5.3. Davies-Bouldin (DB) Index
The performance of the Hybrid F-Firefly and exiting algorithms are evaluated using Davies-Bouldin index with the six benchmark datasets are shown in Figure 3. It is well known that the minimum DB-Index value indicates the effectiveness of the clustering algorithm. From the graphical results, it is observed that the Hybrid F-Firefly algorithm produces minimum DB-Index values when compared to that of the k-means, FCM and FA algorithms. The percentage of improvement from the experimental results conducted for the proposed and FA algorithm using the six benchmark datasets are made and proposed algorithm improves DB index value from 20% to 23% when compared to firefly algorithm under all six datasets.
5.4. Distance Index
The distance index is calculated as the ratio of average intra-cluster distance and average inter-cluster distance.

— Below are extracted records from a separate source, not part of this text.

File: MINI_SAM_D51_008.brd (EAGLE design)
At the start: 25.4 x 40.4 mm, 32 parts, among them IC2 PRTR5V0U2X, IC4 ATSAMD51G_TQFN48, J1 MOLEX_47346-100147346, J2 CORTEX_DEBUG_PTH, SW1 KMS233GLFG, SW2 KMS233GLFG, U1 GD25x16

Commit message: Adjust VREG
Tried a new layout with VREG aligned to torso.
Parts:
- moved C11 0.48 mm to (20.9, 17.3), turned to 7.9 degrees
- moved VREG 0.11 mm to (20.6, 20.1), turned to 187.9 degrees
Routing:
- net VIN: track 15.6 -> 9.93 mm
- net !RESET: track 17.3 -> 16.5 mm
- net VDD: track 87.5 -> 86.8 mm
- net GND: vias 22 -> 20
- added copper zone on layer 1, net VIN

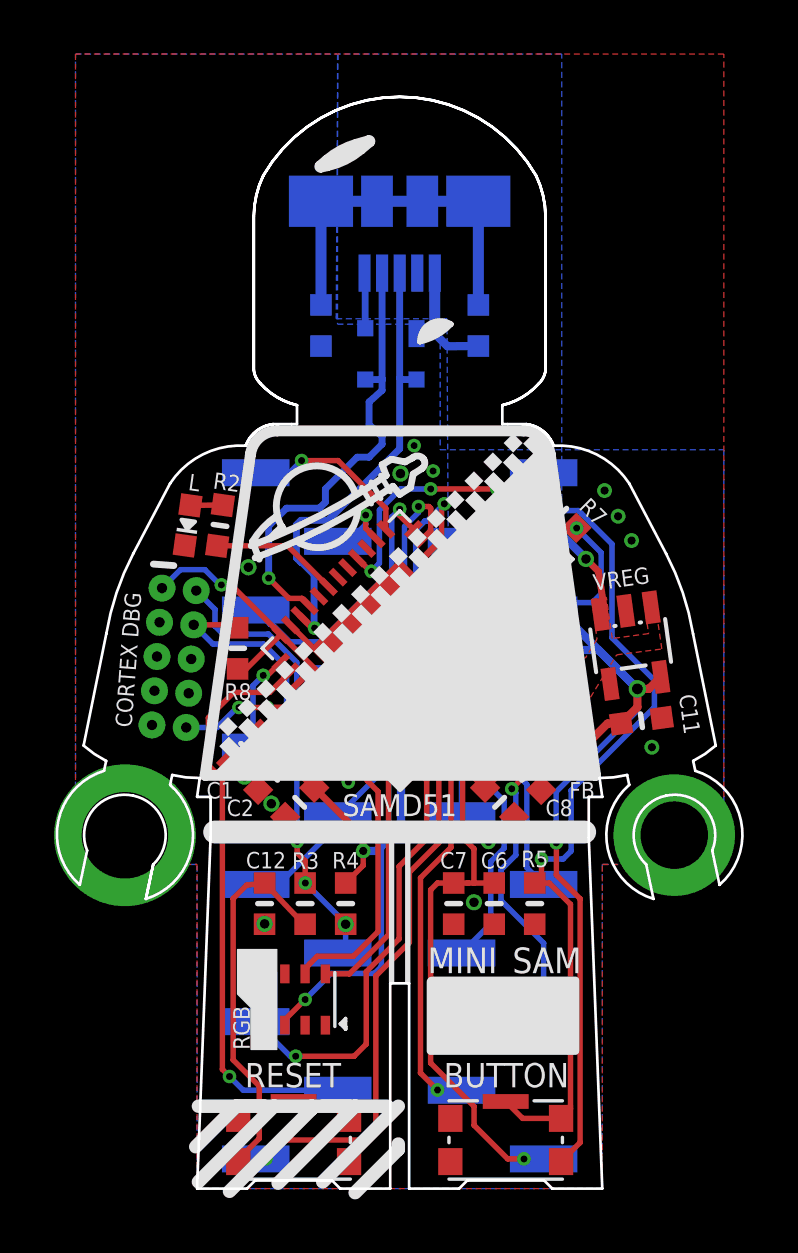
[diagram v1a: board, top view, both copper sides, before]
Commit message: Minor Mods
Modified layout slightly.  Will require a new sold paste template.
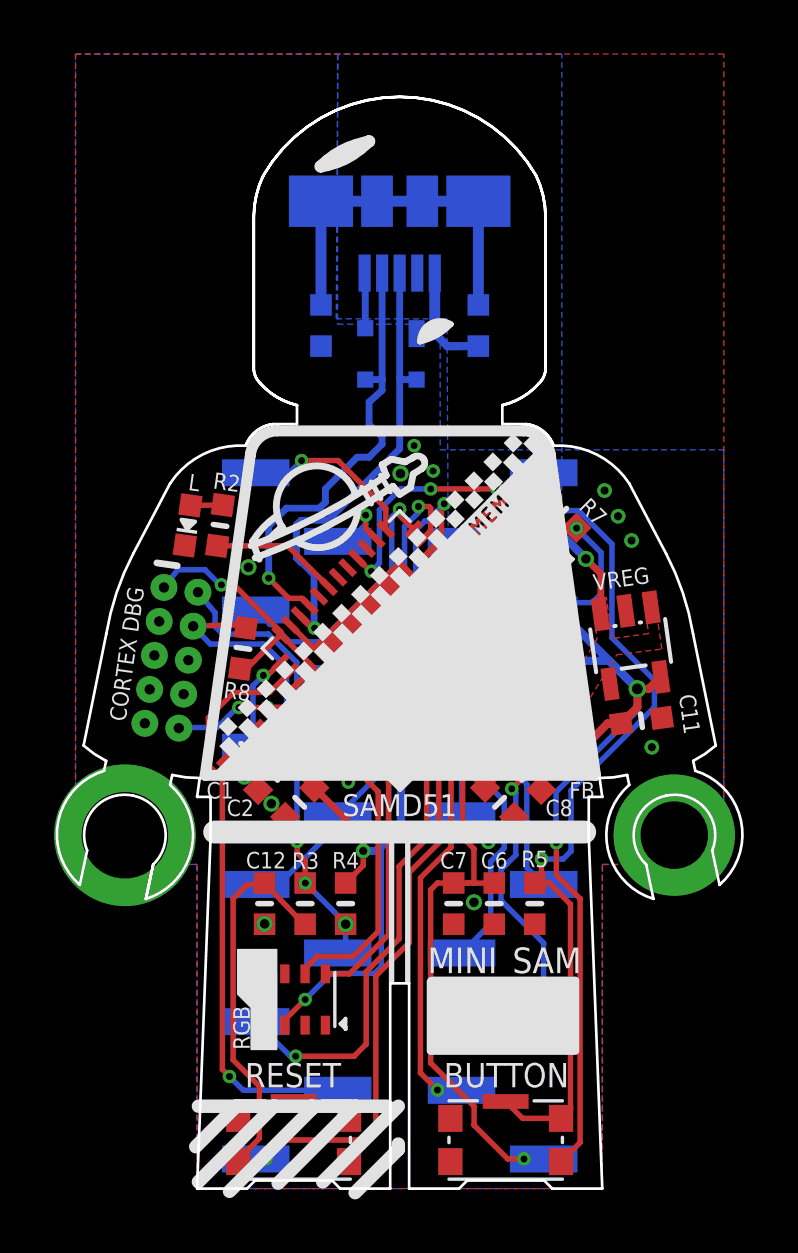
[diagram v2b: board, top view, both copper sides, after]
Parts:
- moved R8 0.20 mm to (6.20, 20.0), turned to 262 degrees
- moved C10 0.20 mm to (17.8, 20.0), turned to 278 degrees
- moved J2 0.10 mm to (3.55, 19.6), turned to 262 degrees
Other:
- board text removed: "MEM"

Table 1. Comparison of average intra-cluster distance of existing and proposed algorithms.
It is well-known that the minimum distance index value illustrates better performance of the clustering algorithm. To evaluate the impact of the Hybrid F-Firefly algorithm, the comparisons are performed with the existing algorithms like k-means, FCM, FA algorithm. In Figure 4, the distance index values obtained for various algorithms are shown graphically. When considering all the six datasets, the Hybrid F-Firefly algorithm achieves minimum distance index value in most of the cases and produces better results than the existing algorithms. For the Hybrid F-Firefly algorithm, the intra-cluster distance reduces while inter cluster distance increase, so the distance index value is minimized. There is 26% - 33% of improvement in distance index value for Hybrid F-Firefly algorithm when compared to Firefly algorithm.
Figure 2. Performance comparison using beta index value.
Figure 3. Performance comparison using DB index value.
Figure 4. Performance comparison using distance index value.
In this research work, a Hybrid F-Firefly algorithm is developed by incorporating FCM operator at the end of each iteration in FA algorithm. Various performance measures are evaluated for the proposed and existing algorithms under six different datasets. From the results, it is observed that the average intra-cluster distance computed using the six different datasets is minimum and yields the percentage improvements of 0.2% - 44.4% for the Hybrid F-Firefly algorithm when compared with the FCM, k-means, and FA algorithms. In addition, the proposed Hybrid F-Firefly algorithm provides 20% - 40% improvement of beta index value, 20% - 23% improvements of DB index value, and 26% - 33% improvement of distance index value when compared to the FA algorithm. These improvements in the performance of the Hybrid F-Firefly clustering algorithm are due to local search capability of FCM algorithm and so the global search property of FA algorithm is combined in the Hybrid F-Firefly algorithm. From the experimental results, it is observed that the performance of proposed Hybrid F-Firefly algorithm is better when compared with the original FA algorithms.